Application of 3-month window to taxpayers with 52-53 week year. Rev Proc 2015-13, Sec. 8 provides that, subject to exception, when a taxpayer files a timely Form 3115 under that revenue procedure, IRS won’t require the taxpayer to change its method of accounting for the same item for a tax year prior to the requested year of change (“audit protection”). One exception is for taxpayers that are under examination on the date that the Form 3115 is filed, but a taxpayer can still benefit from audit protection if the taxpayer requests a change in method of accounting for an item filed in a 3-month window if (1) the taxpayer has been under examination for at least 12 consecutive months as of the first day of the 3-month window, and (2) the method of accounting for the same item the taxpayer is requesting to change is not an “issue under consideration” (e.g., one for which the examing agent has proposed adjustments) as of the date the Form 3115 is filed.

Rev Proc 2015-13, Sec. 8.02(1)(a)(ii) provides that the 3-month window is the period beginning on the 15th day of the 7th month of the taxpayer’s tax year and ending on the 15th day of the 10th month of the taxpayer’s tax year.

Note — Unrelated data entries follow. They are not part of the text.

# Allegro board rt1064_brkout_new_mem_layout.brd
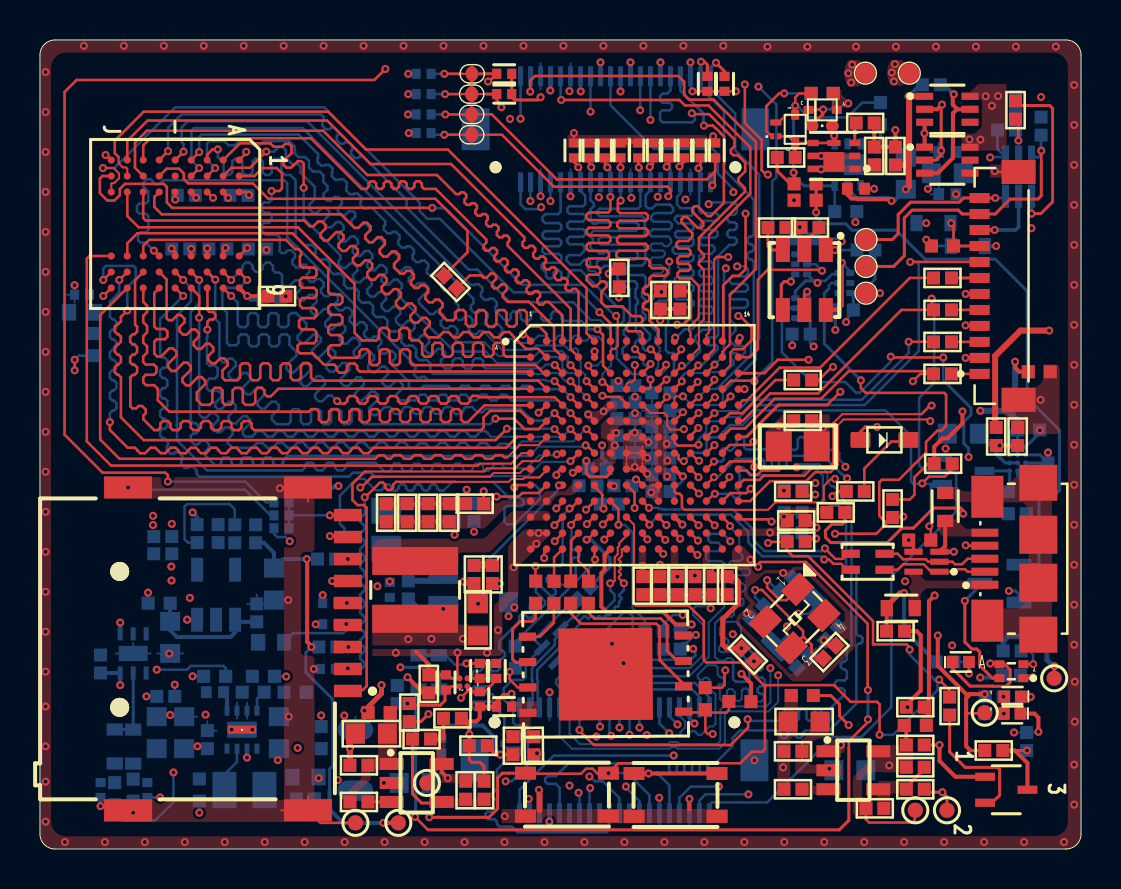
[diagram p0: board, top side]
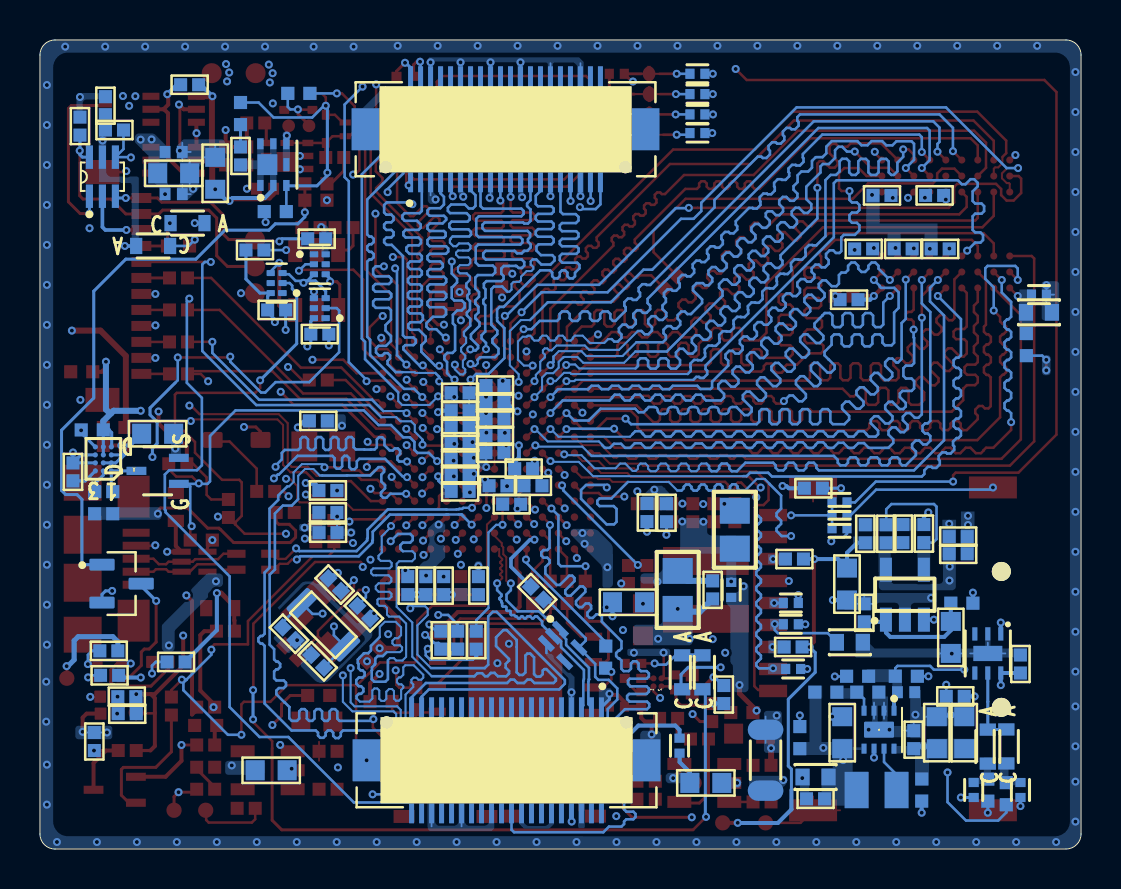
[diagram p1: board, bottom side, seen from below]

Outline 52.1 x 40.47 mm; copper layers: TOP, GND1, SIG1, POWER, GND2, BOTTOM. Coordinates in mm from the lower left corner of the outline.
Outline path: 0,39.72 0,0.75 arc(0.22,0.22) 0.75,0 51.35,0 arc(51.88,0.22) 52.1,0.75 52.1,39.72 arc(51.88,40.25) 51.35,40.47 0.75,40.47 arc(0.22,40.25) 0,39.72

## Design rules (mm)
constraint set DEFAULT: min track width 0.09
net group 3V3_REG: nets N2842860 NVCC_SD0
net group 5V_USB_OTG: nets N2544181 N30039441
net group ENET_RST: nets ENET_RST TDI
net group FLEXSPI_CLK: nets FLEXSPI_CLK N2594540
net group FLEXSPI_DATA0: nets FLEXSPI_DATA0 N2594176
net group FLEXSPI_DATA1: nets FLEXSPI_DATA1 N2594270
net group FLEXSPI_DATA2: nets FLEXSPI_DATA2 N2594358
net group FLEXSPI_DATA3: nets FLEXSPI_DATA3 N2594498
net group GPIO_AD_B0_01: nets GPIO_AD_B0_01 N2544429
net group JTAG_TCK: nets JTAG_TCK TCK
net group JTAG_TMS: nets JTAG_TMS TMS
net group SD_CD_SW: nets N3026246 SD_CD_SW
net group SDRAM_CLK: nets SDRAM_CLK SEMC_CLK
net group USB1_A: nets USB_OTG1_DN USB_OTG1_DP
net group USB1_B: nets N2544325 N2544379
net group USB_HOST: nets USB_OTG2_DN USB_OTG2_DP
net group USER_LED: nets N2841110 USER_LED
net group VSD_3V3: nets N3028636 VSD_3V3
net group 5V_EXT: nets N2840672 N2840714 N2840896 N2897276 OVR_V_CTL OVR_V_FLAG
net group DC_5V_IN: nets N2840328
net group DCDC_OUT: nets N2575129
net group ENET_INT: nets TDO
net group FLASH_VCC: nets FLEXSPI_SS0 N2593436 N2594008 NVCC_SD1
net group MG_CSI_ENET: nets GPIO_AD_B1_04 GPIO_AD_B1_05 GPIO_AD_B1_06 GPIO_AD_B1_07 GPIO_AD_B1_08 GPIO_AD_B1_09 GPIO_AD_B1_10 GPIO_AD_B1_11 GPIO_AD_B1_12 GPIO_AD_B1_13 GPIO_AD_B1_14 GPIO_AD_B1_15 GPIO_B1_14 GPIO_SD_B1_01 GPIO_SD_B1_02 GPIO_SD_B1_03 GPIO_SD_B1_04 GPIO_SD_B1_05
net group MG_LCD: nets GPIO_B0_00 GPIO_B0_01 GPIO_B0_02 GPIO_B0_03 GPIO_B0_04 GPIO_B0_05 GPIO_B0_06 GPIO_B0_07 GPIO_B0_08 GPIO_B0_09 GPIO_B0_11 GPIO_B0_12 GPIO_B0_14 GPIO_B0_15 GPIO_B1_00 GPIO_B1_01 GPIO_B1_02 GPIO_B1_03 GPIO_B1_04 GPIO_B1_05 GPIO_B1_06 GPIO_B1_07 GPIO_B1_08 GPIO_B1_09 GPIO_B1_11
net group MR: nets JTAG_NSRST MR N2574261 N2574749 N2843470 N2892984 N2893068 N28147150 POR_B SD_PWREN USER_BUTTON
net group N2842346: nets N2842438
net group PMIC_ON_REQ: nets 5V_SYS N2544493 N2840332 N2842740 N2843292 N2843384 PMIC_ON_REQ
net group SD1_CLK: nets SD1_CLK
net group WDOG_B: nets WDOG_B

## Placement (name value [footprint] x y rotation side)
C1  0.1UF  [C0402]  37.69 16.84 0 bottom
C2  0.1uF  [C0402]  41.75 34.67 90 top
C3  0.1UF  [C0402]  43.8 7.1 180 top
C5  0.1UF  [C0402]  42.8 34.67 90 top
C6  1.0UF  [C0402N]  40.83 33.03 0 top
C7  1uF  [C0402]  37.34 34.6 180 top
C8  .22uF  [C0402]  42.06 34.67 90 bottom
C9  0.1UF  [C0402]  34.38 13.18 270 top
C10  0.1UF  [C0402]  21.75 17.27 180 top
C11  10uF  [C0603]  5.84 5.82 90 bottom
C12  10uF  [C0603]  7.22 5.82 90 bottom
C13  0.1UF  [C0402]  8.37 5.47 90 bottom
C14  22UF  [0603_CC]  13.29 3.6 0 bottom
C15  0.1UF  [C0402]  13.29 2.51 0 bottom
C16  0.22uF  [C0402N]  8.75 7.85 180 bottom
C18  0.1UF  [C0402]  3.03 9.26 90 bottom
C19  1000pF  [0402_CC]  3.03 2.95 270 bottom
C20  1.0UF  [0402_CC]  5.37 2.95 90 bottom
C21  1nF  [C0402]  19.09 5.5 180 top
C22  10uF  [C0603]  16.59 5.77 180 top
C23  0.1uF  [C0402]  15.96 4.19 180 top
C24  10uF  [C0603]  18.78 3.31 180 bottom
C25  0.1uF  [C0402]  20.64 6.54 0 top
C26  390pF  [C0402]  9.75 15.77 90 bottom
C27  10uF  [C0603]  6.52 10.59 270 bottom
C28  0.1uF  [C0402]  10.85 11.81 90 bottom
C29  10uF  [C0603]  11.71 13.25 270 bottom
C30  0.1uF  [C0402]  8.92 15.78 90 bottom
C31  1.0UF  [0402_CC]  22.01 7.5 270 top
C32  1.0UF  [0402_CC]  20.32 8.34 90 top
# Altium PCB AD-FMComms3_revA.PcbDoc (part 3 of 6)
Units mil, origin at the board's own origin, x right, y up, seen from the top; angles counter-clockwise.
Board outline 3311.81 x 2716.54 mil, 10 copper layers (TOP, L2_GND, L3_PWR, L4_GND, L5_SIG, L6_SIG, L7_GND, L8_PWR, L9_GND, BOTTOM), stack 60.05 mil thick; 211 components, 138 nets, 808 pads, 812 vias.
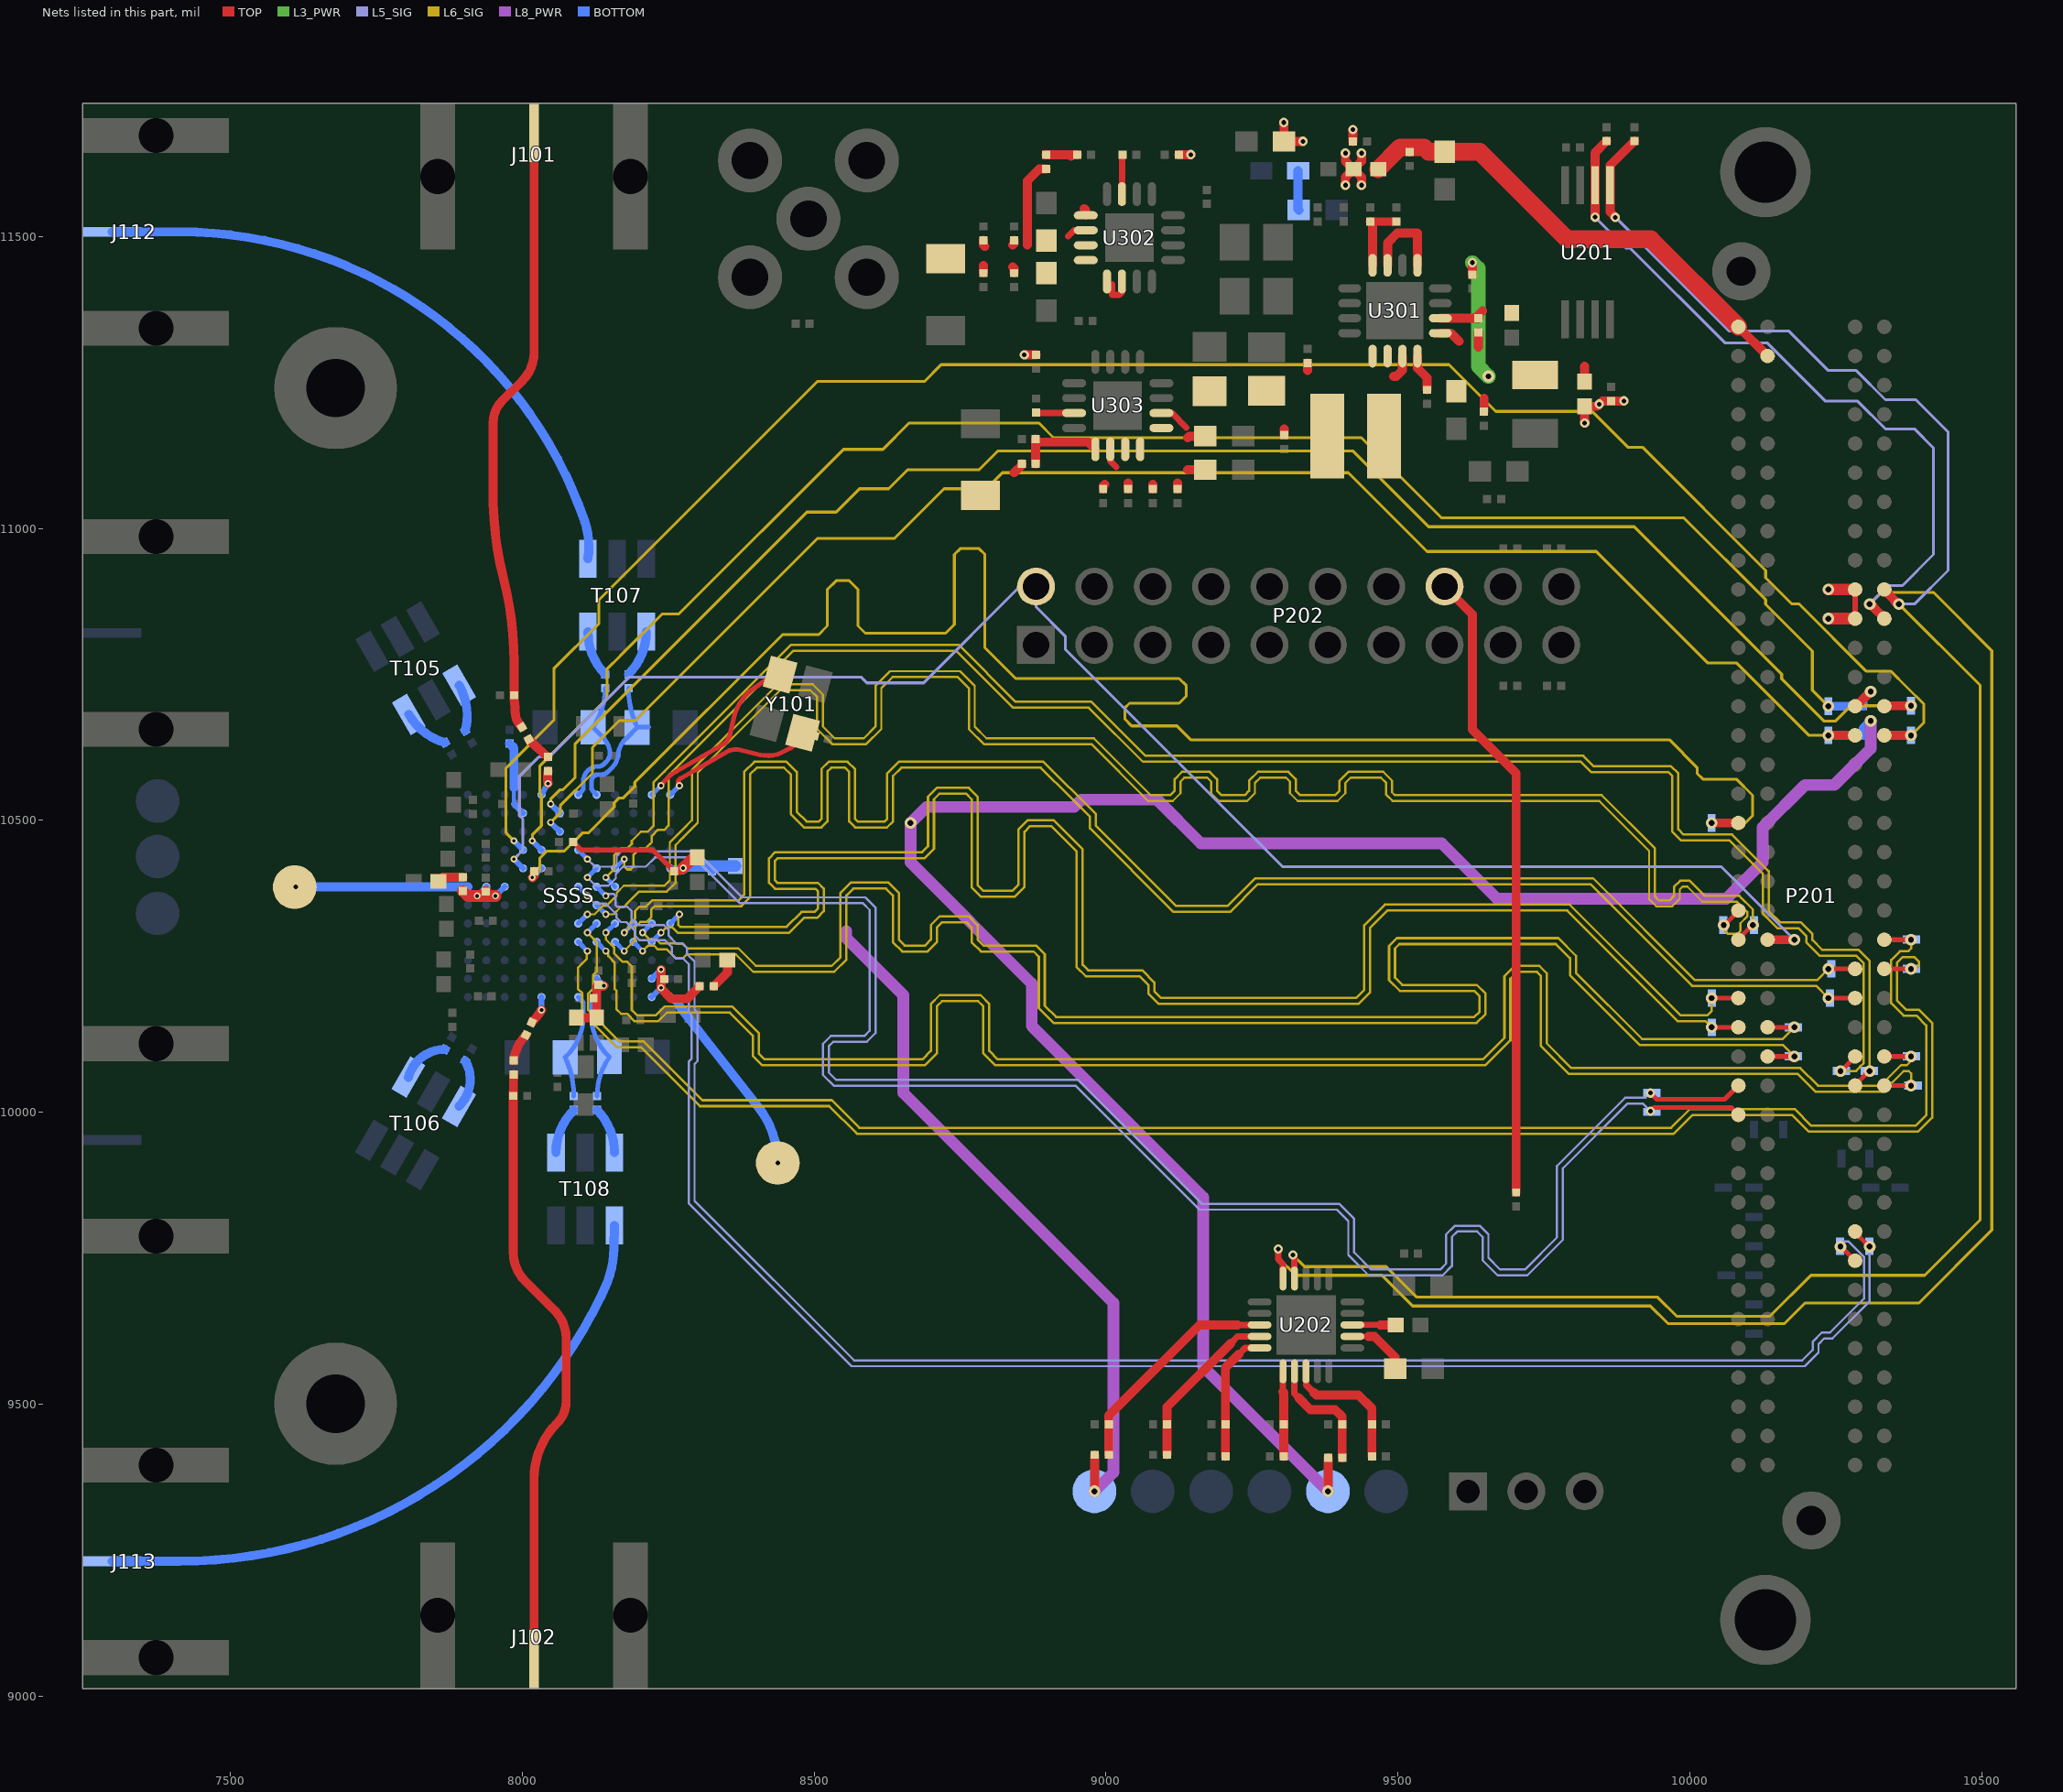
[diagram p11: the nets of this part, all layers, seen from the top]

## Via types
v1: diameter 20, hole 10, TOP to BOTTOM, 458 vias
v2: diameter 16, hole 8, TOP to BOTTOM, 196 vias
v3: diameter 12, hole 6, TOP to BOTTOM, 135 vias
v4: diameter 28, hole 12, TOP to BOTTOM, 19 vias
v5: diameter 210, hole 160, TOP to BOTTOM, 2 vias
v6: diameter 155, hole 105, TOP to BOTTOM, 2 vias

## Nets (pads, with @x,y where several pads share a name; then routed paths per layer and width w, separated by ;. In a path a pad name is that pad's centre, name@x,y a point inside that pad or via, vN(x,y) a via of type N, cw(c..) or ccw(c..) an arc to the next point about the centre after c; other vN are vias at no path point) (continued)
RX_D5_N: P201.H14 SSSS.J7 TP206.1 | length 2987.4
  TOP w8: v2(9932.5,10032.78) 9943.28,10022 10059.77,10022 P201.H14@10083.27,10045.5
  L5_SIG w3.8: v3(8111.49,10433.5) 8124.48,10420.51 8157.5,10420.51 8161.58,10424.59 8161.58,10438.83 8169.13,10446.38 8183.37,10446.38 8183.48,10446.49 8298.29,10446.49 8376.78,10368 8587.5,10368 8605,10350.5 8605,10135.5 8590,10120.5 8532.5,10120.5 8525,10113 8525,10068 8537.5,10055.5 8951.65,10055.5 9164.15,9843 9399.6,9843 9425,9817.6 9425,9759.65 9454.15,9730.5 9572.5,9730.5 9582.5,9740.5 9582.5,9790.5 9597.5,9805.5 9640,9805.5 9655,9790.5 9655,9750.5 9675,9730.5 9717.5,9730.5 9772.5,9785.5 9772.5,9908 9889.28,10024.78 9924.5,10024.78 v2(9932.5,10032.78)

However, as currently written, it is unclear how this provision would apply to a taxpayer using a 52-53 week tax year (i.e., one where the taxpayer elected under Code Sec. 441(f) to, for example, have its fiscal year end each year on the last Saturday in December, producing a period that varies annually from 52 to 53 weeks). This is because the rule is not expressed in terms of a tax year beginning, including, or ending with reference to the first or last day of a specified calendar month, as provided in Reg. § 1.441-2(c)(1). Accordingly, Rev Proc 2015-33, Sec. 5 modifies Rev Proc 2015-13, Sec. 8.02(1)(a)(ii) to provide that, for determining the 3-month window, the tax year begins on the first day of the calendar month nearest to the first day of the 52-53 week tax year.

Effective date. Rev Proc 2015-33 is effective for Forms 3115 filed on or after Jan. 16, 2015, for a year of change ending on or after May 31, 2014.

References: For accounting method changes, see FTC 2d/FIN ¶  G-2100  et seq.; United States Tax Reporter ¶  4464.21; TaxDesk ¶  442,400  et seq.; TG ¶  6300  et seq.